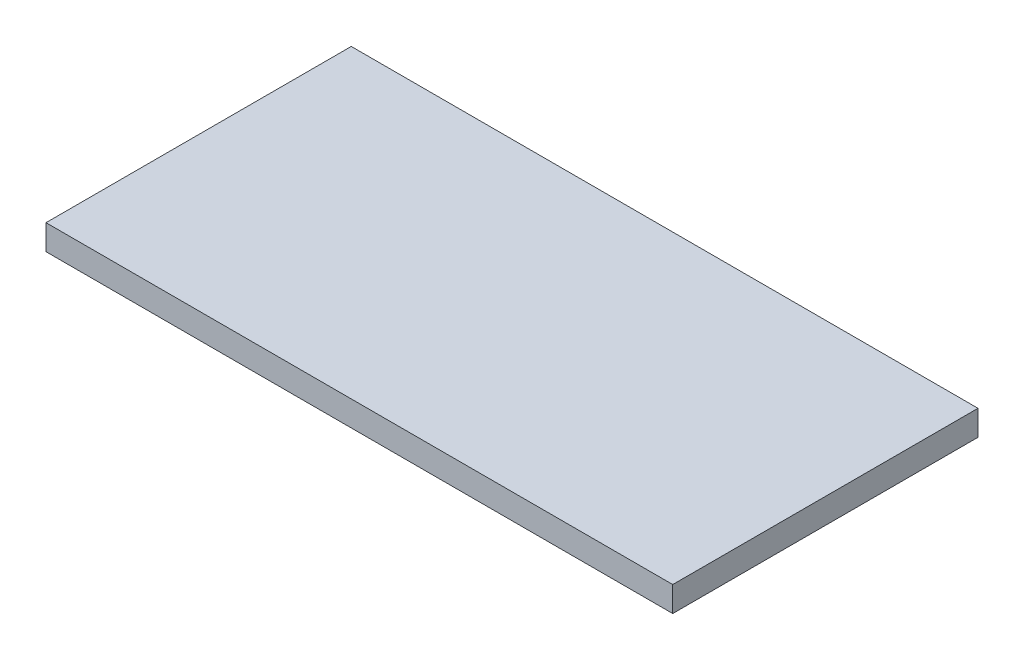
SolidWorks part; units mm, degrees
material "AISI 1020"
ref_plane "Front Plane" through (0, 0, 0) normal (0, 0, 1) x (1, 0, 0)
ref_plane "Top Plane" through (0, 0, 0) normal (0, 1, 0) x (1, 0, 0)
ref_plane "Right Plane" through (0, 0, 0) normal (1, 0, 0) x (0, 0, -1)
sketch "Sketch1" plane through (0, 0, 0) normal (0, 1, 0) x (1, 0, 0)
  line L1 (-124.6102, -60.6916) -> (124.6102, -60.6916)
  line L2 (-124.6102, -60.6916) -> (-124.6102, 60.6916)
  line L3 (-124.6102, 60.6916) -> (124.6102, 60.6916)
  line L4 (124.6102, -60.6916) -> (124.6102, 60.6916)
  line L5 (-124.6102, -60.6916) -> (124.6102, 60.6916) construction
  line L6 (-124.6102, 60.6916) -> (124.6102, -60.6916) construction
  point P0 (0, 0)
extrude "Boss-Extrude1" add sketch "Sketch1" along normal blind 10
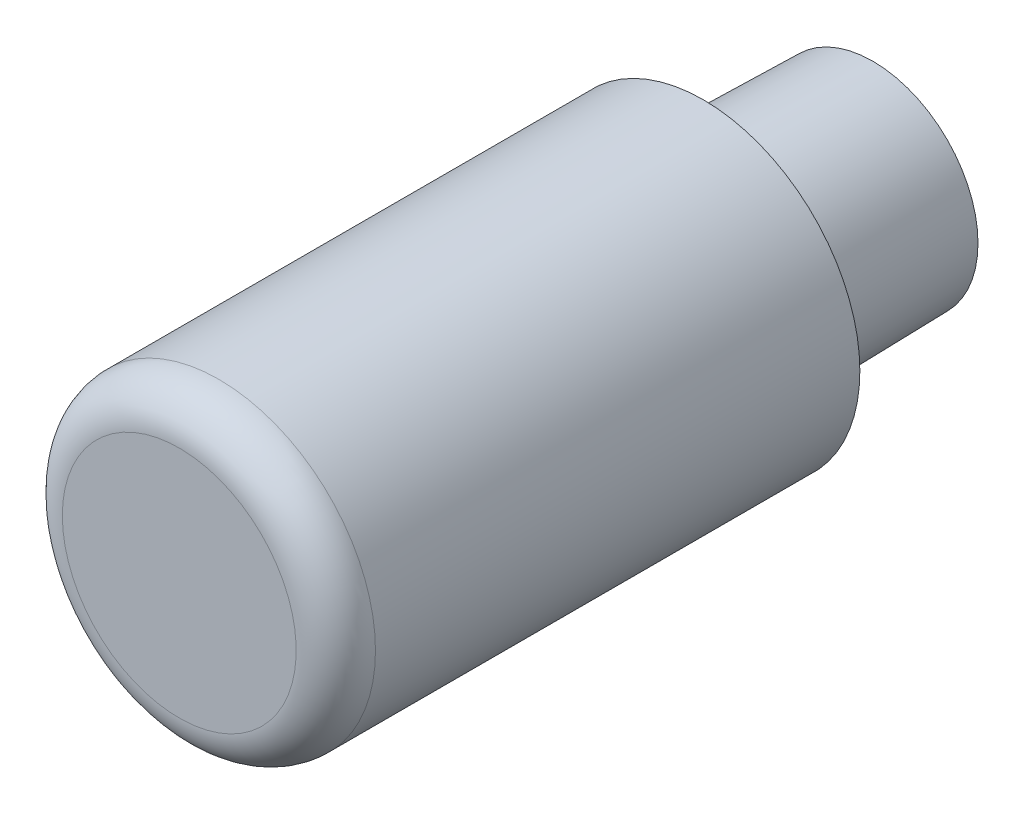
SolidWorks part; units mm, degrees
material "Brass"
ref_plane "Front Plane" through (0, 0, 0) normal (0, 0, 1) x (1, 0, 0)
ref_plane "Top Plane" through (0, 0, 0) normal (0, 1, 0) x (1, 0, 0)
ref_plane "Right Plane" through (0, 0, 0) normal (1, 0, 0) x (0, 0, -1)
sketch "Sketch1" plane through (0, 0, 0) normal (1, 0, 0) x (0, 0, -1)
  line L0 (-26.803, 0) -> (34.189, 0) construction
  line L1 (-38.6588, 0) -> (-38.6588, 10.033)
  line L2 (-38.6588, 10.033) -> (-5.08, 10.033)
  line L3 (-5.08, 10.033) -> (-5.08, 6.9596)
  line L4 (-5.08, 6.9596) -> (5.7912, 6.7319)
  line L5 (5.7912, 6.7319) -> (5.7912, 0)
  line L6 (-38.6588, 0) -> (5.7912, 0)
  dimension "D1" = 44.45
  dimension "D2" = 20.066
  dimension "D3" = 1.2
  dimension "D4" = 5.7912
  dimension "D5" = 13.9192
  dimension "D6" = 5.08
revolve "Revolve1" add sketch "Sketch1" angle 360 about L0
fillet "Fillet1" radius 2.54 1 edges at (10.033, 0, 38.6588)
-------
• **Exercise description**:
Every entry above needs to be duplicated precisely, and none of the pictures should appear.

• **Task response**:
SolidWorks part; units mm, degrees
material "AISI 1020"
ref_plane "Front Plane" through (0, 0, 0) normal (0, 0, 1) x (1, 0, 0)
ref_plane "Top Plane" through (0, 0, 0) normal (0, 1, 0) x (1, 0, 0)
ref_plane "Right Plane" through (0, 0, 0) normal (1, 0, 0) x (0, 0, -1)
sketch "Sketch1" plane through (0, 0, 0) normal (0, 1, 0) x (1, 0, 0)
  line L1 (-124.6102, -60.6916) -> (124.6102, -60.6916)
  line L2 (-124.6102, -60.6916) -> (-124.6102, 60.6916)
  line L3 (-124.6102, 60.6916) -> (124.6102, 60.6916)
  line L4 (124.6102, -60.6916) -> (124.6102, 60.6916)
  line L5 (-124.6102, -60.6916) -> (124.6102, 60.6916) construction
  line L6 (-124.6102, 60.6916) -> (124.6102, -60.6916) construction
  point P0 (0, 0)
extrude "Boss-Extrude1" add sketch "Sketch1" along normal blind 10
SolidWorks part; units mm, degrees
material "Brass"
ref_plane "Front Plane" through (0, 0, 0) normal (0, 0, 1) x (1, 0, 0)
ref_plane "Top Plane" through (0, 0, 0) normal (0, 1, 0) x (1, 0, 0)
ref_plane "Right Plane" through (0, 0, 0) normal (1, 0, 0) x (0, 0, -1)
sketch "Sketch1" plane through (0, 0, 0) normal (1, 0, 0) x (0, 0, -1)
  line L0 (-26.803, 0) -> (34.189, 0) construction
  line L1 (-38.6588, 0) -> (-38.6588, 10.033)
  line L2 (-38.6588, 10.033) -> (-5.08, 10.033)
  line L3 (-5.08, 10.033) -> (-5.08, 6.9596)
  line L4 (-5.08, 6.9596) -> (5.7912, 6.7319)
  line L5 (5.7912, 6.7319) -> (5.7912, 0)
  line L6 (-38.6588, 0) -> (5.7912, 0)
  dimension "D1" = 44.45
  dimension "D2" = 20.066
  dimension "D3" = 1.2
  dimension "D4" = 5.7912
  dimension "D5" = 13.9192
  dimension "D6" = 5.08
revolve "Revolve1" add sketch "Sketch1" angle 360 about L0
fillet "Fillet1" radius 2.54 1 edges at (10.033, 0, 38.6588)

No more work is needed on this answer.